One of those artists was US singer Alman Nusrat, who flew to Dubai in 2014 for songwriting sessions with Phillips for his debut album River.

"I had the privilege and honour of spending so much time with him — in the studio, on planes, at hotels, and I will fondly remember meeting him at the street corner every day as we got a cab together to the studio,” he posted online.

“Every day for months. Idris, you taught me so much about musicianship, lessons I carry to this day. Your talent and story, your journey and resilience, have always inspired me.”

Being immersed in those intensive recording sessions also rekindled a chronically delayed project from Phillips, who set to work on recording the songs that would become Star by Moon.

Also convincing him the time was right was the encouragement of Yusuf, who ventured to Let The Change Be to hear the songs himself.

“It was crazy, man,” Phillips recalled.

“He sat down with me for a while and went through the songs one by one, and that was just a really beautiful thing. I have definitely been influenced by people such as Yusuf.”

One can hear why Islam was enamoured by Phillips's sound.

Star by Moon displays his career's signature elements: there's subtly spiritual lyricism, restrained yet intricate musical instrumentation and an all-round reflective mood.

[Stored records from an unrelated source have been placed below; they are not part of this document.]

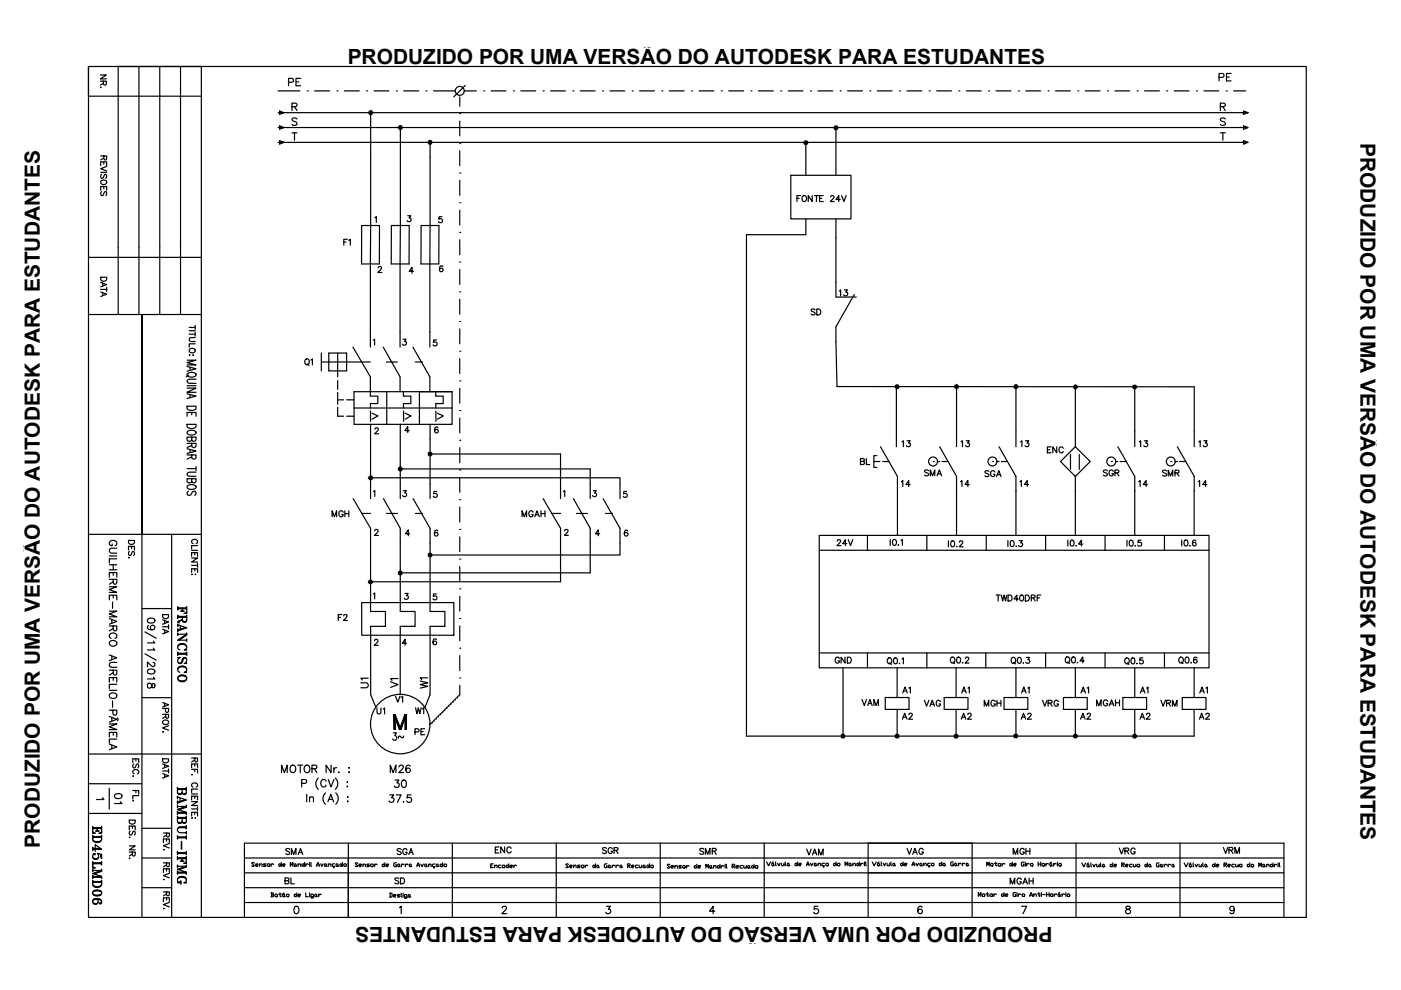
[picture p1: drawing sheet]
<svg xmlns="http://www.w3.org/2000/svg" width="297mm" height="210mm" viewBox="0 0 297 210" stroke-linecap="round" stroke-linejoin="round" font-family="sans-serif">
<!-- layer: 2 -->
<g fill="none" stroke="#000" stroke-width=".25">
<path d="M59 30.2h205.6M59 27h205.6M59 23.9h205.6M59.3 29.8l.9 .4-.9 .4zM59.3 26.7l.9 .3-.9 .4zM59.3 23.5l.9 .4-.9 .4zM78.6 23.9l-.1 49.7M84.9 27l-.1 46.6M91.2 30.2l-.1 43.4M167.7 37.2h12.7v9.2h-12.7zM170.9 30.2v7M177.2 27v10.2"/>
<path d="M263.7 29.8l.9 .4-.9 .4zM263.7 26.7l.9 .3-.9 .4zM263.7 23.5l.9 .4-.9 .4zM76.7 47.8h3.8l-.1 8.2h-3.7zM83 47.8h3.8l-.1 8.2h-3.8zM89.3 47.8h3.8l-.1 8.2h-3.7zM170.9 46.4v3.4h-12.6v106.3h94.9v-5.7M177.2 46.4v13.4M68.1 74.9v1.9h10.4M69.7 74.9h3.8v3.7h-3.8zM71.6 74.9v5M74.8 73.6l3.7 6.3v4.1h1.6v1.6h-1.6"/>
<path d="M81.3 73.6l3.5 6.3v3.1M81.9 76.8h2.3M87.5 73.6l3.6 6.3v3.1M88 76.8h1.3M89.3 76.8h.1M181.1 62.4l-3.9 6.9 .3 12.7h75.7v9.6M71.6 84.8h1.3M71.6 80.7v1.9M71.6 83.2v2.5M71.6 86.3v1.9h1.3M73.5 84.8h1.6M73.5 88.2h1.6"/>
<path d="M75.1 83h20.7v7h-20.7zM75.1 86.5h20.7M78.5 85.6v.9M78.5 87.1l.1 2.2M78.6 90v15.7M78.9 87.6l1.2 .6-1.2 .7M82 83v7M84.9 90v15.7M84.9 99.4h40.2v6.3M85.5 83v1h1.6v1.6h-1.6l.1 .9M85.6 87.1v2.2M85.9 87.6l1.2 .6-1.2 .7"/>
<path d="M91.2 90v15.7M91.2 96.3h27.6v9.4M92.4 83v1h1.6v1.6h-1.6v.9M92.4 87.1v2.2M92.7 87.6l1.3 .6-1.3 .7M95.8 83h-6.9v7M186.7 94.7l3.6 6.3v12.5M187.2 97.9h1.3M190.1 82v9.6M199.2 94.7l3.6 6.3M202.8 82v9.6M211.8 94.7l3.6 6.3"/>
<path d="M215.4 82v9.6M224.8 97.9l3.2-3.2 3.1 3.2-3.1 3.1zM227 96.3v3.2M228 82v12.7M228.8 96.4v3.1M237 94.7l3.6 6.3M240.6 82v9.6M249.6 94.7l3.6 6.3M74.9 105.7l3.7 6.3v17.6h3.1v3.2h-3.1v14.5l1.1 2.7M76.7 108.9h1.9M78.6 101.3h52.9v1.3M81.3 105.7l3.6 6.3v17.6h3.1v3.2h-3.1v14.4"/>
<path d="M81.9 108.9h2.4M87.6 105.7l3.6 6.3v17.6h3.1v3.2h-3.1v14.5l-1.1 2.7M88.1 108.9h1.3M89.4 108.9h.1M115.2 105.7l3.6 6.3v11.3h-40.2M117 108.9h1.8M121.6 105.7l3.5 6.3v9.5h-40.2M122.2 108.9h2.3M127.9 105.7l3.6 6.3v5.7h-40.3M128.4 108.9h1.3M129.7 108.9h.1M173.7 113.5h82.6v28.1h-82.6z"/>
<path d="M173.7 116.7h82.6M183.9 113.5v3.2M196.5 113.5v3.2M202.8 104.1v9.4M209.1 113.5v3.2M215.4 104.1v9.4M221.7 113.5v3.2M228 101v12.5M234.3 113.5v3.2M240.6 104.1v9.4M246.9 113.5v3.2M253.2 104.1v9.4"/>
<path d="M76.7 127.8h19.5v6.9h-19.5zM173.7 138.4h82.6M183.9 138.4v3.2M196.5 138.4v3.2M209 138.4v3.2M221.7 138.4v3.2M234.3 138.4v3.2M246.9 138.4v3.2M178.7 141.6v14.5M187.7 147.9h5v2.5h-5M190.2 141.6v6.3M190.2 150.4v5.7"/>
<path d="M200.2 147.9h5v2.5h-5M202.7 141.6v6.3M202.7 150.4v5.7M212.9 147.9h5v2.5h-5M215.4 141.6v6.3M215.4 150.4v5.7M225.5 147.9h5v2.5h-5M228 141.6v6.3M228 150.4v5.7M238.1 147.9h5v2.5h-5M240.6 141.6v6.3M240.6 150.4v5.7"/>
<path d="M250.7 147.9h5v2.5h-5M253.2 141.6v6.3M184.1 178.8h22M53.9 183l-.4-.1-.1 .1 .5 .6-.1 .1-.4-.1M54.2 183.4h.4l.1-.1-.1-.2-.4 .2v.3l.4 .1M55 183.4l.4-.3 .2 .6M55 183.1v.6M56.4 183.1h-.4l-.2 .2 .6 .3-.6 .1M56.6 183.3l.5-.2 .1 .5-.4 .1zM57.5 189.3h.4l.1 .2-.1 .2M57.5 183.1v.6M57.6 189.7h.3l.1 .3-.5 .1"/>
<path d="M57.6 189.3v.8M58 183.3l-.3-.2-.2 .3M64.8 189.3v.8h.6M65.6 189.3v.2M65.6 189.6v.5M66.5 190.1l-.6-.1 .2-.4 .4 .1v.6l-.2 .1-.4-.1M66.9 189.6l.2 .1-.1 .4-.3-.1zM67.1 183.7l.3-.8 .3 .8M67.1 183.4h.6M67.1 190l.2 .1M67.6 189.6v.5M68 183.1l.2 .6 .3-.6"/>
<path d="M68.1 189.7l-.3-.1-.2 .3M68.8 183.3l.1-.2 .3 .2-.1 .4-.3-.1zM69.2 183.6l.1 .1M69.6 183.4l.4-.3 .2 .6M69.6 183.1v.6M70.7 183.7l.1 .1-.1 .2M71 183.1l-.6 .2 .2 .4h.4M71.2 183.3l.2-.2 .3 .2-.2 .4-.3-.1zM71.7 183.6l.1 .1M72.2 183.1l.4 .3-.3 .3-.2-.1zM72.6 182.9v.8M72.9 183.3l.4-.2 .1 .5-.4 .1z"/>
<path d="M75.9 183.1l-.5-.2-.1 .2 .6 .5-.2 .1-.4-.1M76.1 183.5h.4l.2-.2-.2-.1-.4 .1v.3l.4 .1M76.9 183.5l.5-.3 .1 .5M76.9 183.2v.5M78.3 183.2l-.5 .1 .5 .3-.5 .1M78.7 183.2l.4 .1-.1 .4-.4-.1zM79.4 183.2v.5M79.9 183.3l-.2-.1-.3 .3M81 183.3l.3-.1 .3 .3-.4 .2zM86.3 190.2l-.6-.1 .2-.4 .4 .1v.5l-.1 .2-.5-.2M90 183.3l.3-.1 .2 .4-.3 .1zM90.5 183.6l.1 .1"/>
<path d="M90.9 183.5l.4-.3 .1 .5M90.9 183.2v.5M92 183.7l.1 .2-.1 .1M92.2 183.2l-.5 .1 .1 .4h.4M92.5 183.3l.3-.1 .1 .4-.3 .1zM92.9 183.6l.1 .1M93.3 183.3l.3-.1 .3 .3-.4 .2zM93.9 182.9v.8M94.1 183.3l.4-.1 .2 .4-.4 .1zM104 183.6h.3M104.6 183.2h-.6v.8h.6M104.9 183.7l.4-.3 .1 .6"/>
<path d="M104.9 183.4v.6M106.2 183.4l-.5 .2 .1 .4h.4M106.6 183.4l.4 .2-.1 .4-.4-.2zM107.3 183.6l.3-.2 .3 .3-.5 .3zM107.9 183.2v.8M108.1 183.7h.4l.2-.1-.2-.2-.4 .2 .2 .4h.2M109 183.4v.6M109.5 183.6l-.3-.2-.2 .3M120.5 183.3l-.1-.1-.4 .1 .5 .5-.1 .2-.4-.2M120.8 183.7h.4l.1-.1-.1-.2-.4 .2 .1 .4h.3M121.6 183.7l.4-.3 .1 .6M121.6 183.4v.6"/>
<path d="M123 183.4l-.6 .2 .6 .2-.6 .2M123.2 183.6l.5-.2 .1 .4-.4 .2zM124.1 183.4v.6M124.6 183.6l-.3-.2-.2 .3M125.7 183.6l.3-.2 .2 .3-.4 .3zM126.2 183.2v.8M126.6 183.4l.3 .2-.1 .4-.3-.2zM126.9 183.8l.2 .2M128.7 183.2l-.5 .1v.5l.5 .2v-.4h-.1M129.1 183.4l.3 .2-.2 .4-.2-.2zM129.4 183.8l.1 .2M129.8 183.4v.6"/>
<path d="M130.3 183.6l-.2-.2-.3 .3M130.6 183.4v.6M131.2 183.6l-.3-.2-.3 .3M131.4 183.6l.3-.2 .1 .4-.2 .2zM131.8 183.8l.2 .2M133.1 183.6h.4l.1-.3-.5-.1v.8M133.2 183.6l.4 .4M133.9 183.7h.4l.1-.1-.1-.2-.4 .2v.2l.4 .2M135.3 183.4l-.6 .2 .1 .4h.5M135.5 183.4l.2 .6 .4-.3M136.1 183.4v.6M136.5 183.4l.2 .2-.1 .4-.3-.2z"/>
<path d="M136.7 183.8l.2 .2M137.2 183.6l.2-.2 .3 .3-.4 .3zM137.7 183.2v.8M138 183.6l.4-.2 .1 .4-.4 .2zM142 183.4l-.1-.2-.4 .2 .5 .5-.1 .2-.4-.2M142.3 183.8h.4l.1-.1-.1-.2-.4 .2v.2l.4 .2M143.1 183.8l.4-.3 .1 .6M143.1 183.5v.6M144.5 183.5l-.6 .2 .6 .2-.6 .2M144.7 183.7l.4-.2 .2 .4-.4 .2zM145.5 183.5v.6M146.1 183.7l-.3-.2-.3 .3"/>
<path d="M147.2 183.7l.3-.2 .2 .3-.4 .3zM147.7 183.2v.9M148 183.8h.4l.2-.1-.2-.2-.4 .2 .1 .4h.3M149.6 184.1v-.9l.3 .6 .3-.6v.9M150.6 183.5l.3 .2-.2 .4-.2-.2zM150.9 183.9l.1 .2M151.3 183.8l.4-.3 .1 .6M151.3 183.5v.6M152.1 183.7l.3-.2 .3 .3-.5 .3zM152.7 183.2v.9M152.9 183.5v.6M153.7 183.5v.6"/>
<path d="M154 183.2v.7l.2 .2M155.2 183.7h.4l.2-.3-.6-.2v.9M155.4 183.7l.4 .4M156.1 183.8h.4l.1-.1-.1-.2-.4 .2v.2l.4 .2M157.4 183.5l-.5 .2 .1 .4h.4M157.7 183.5l.1 .6 .4-.3M158.2 183.5v.6M158.5 183.7l.3-.2 .1 .4-.2 .2zM158.9 183.9l.2 .2M159.5 183.5l.4 .3-.3 .3-.3-.2zM159.9 183.2v.9M160.2 183.7l.4-.2 .1 .4-.4 .2z"/>
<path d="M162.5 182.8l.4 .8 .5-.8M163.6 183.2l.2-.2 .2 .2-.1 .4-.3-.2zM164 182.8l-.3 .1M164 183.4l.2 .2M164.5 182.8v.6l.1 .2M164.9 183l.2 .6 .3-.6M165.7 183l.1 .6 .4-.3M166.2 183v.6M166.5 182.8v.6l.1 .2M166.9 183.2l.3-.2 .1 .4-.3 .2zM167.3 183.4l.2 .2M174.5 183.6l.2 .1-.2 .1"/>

In the majestic opener, Content, the chorus has Phillips stating: "A change is at hand for me/ I will go where people are content.”

With the song initially written in the 1980s, I asked Phillips if the line was a spiritual premonition that he would eventually move to the UAE.

“It could be,” he smiled. “Then again, I’ve been to many places since.”

A man with his own plan

Indeed, Phillips went on to work with artists in South Africa and Turkey before eventually returning to Nashville, where he immersed himself in the thriving music scene and in performing with local artists, such as violinist Katherine O’Neil.

"Some of you saw me out there playing with this incredible artist, and didn’t know this legend playing, for a mere $150 a night gig, used to play LA five times a week for $5,000," she said in her online tribute.

"He didn’t care about the money, he truly cared about me as a person, an artist, and the music. They don’t make ‘em like him any more.”

The last time I met Phillips was for a suhoor meal in 2015.

By that time, we were firm friends and spoke more about life than music.

He expressed how important it was that he moves to his own score.

“I am not one of those who say: ‘I have a five-year plan,’ or something like that,” he said.

“If I can continue challenging myself, creating and being able to make someone happy, then I am more than OK with that.”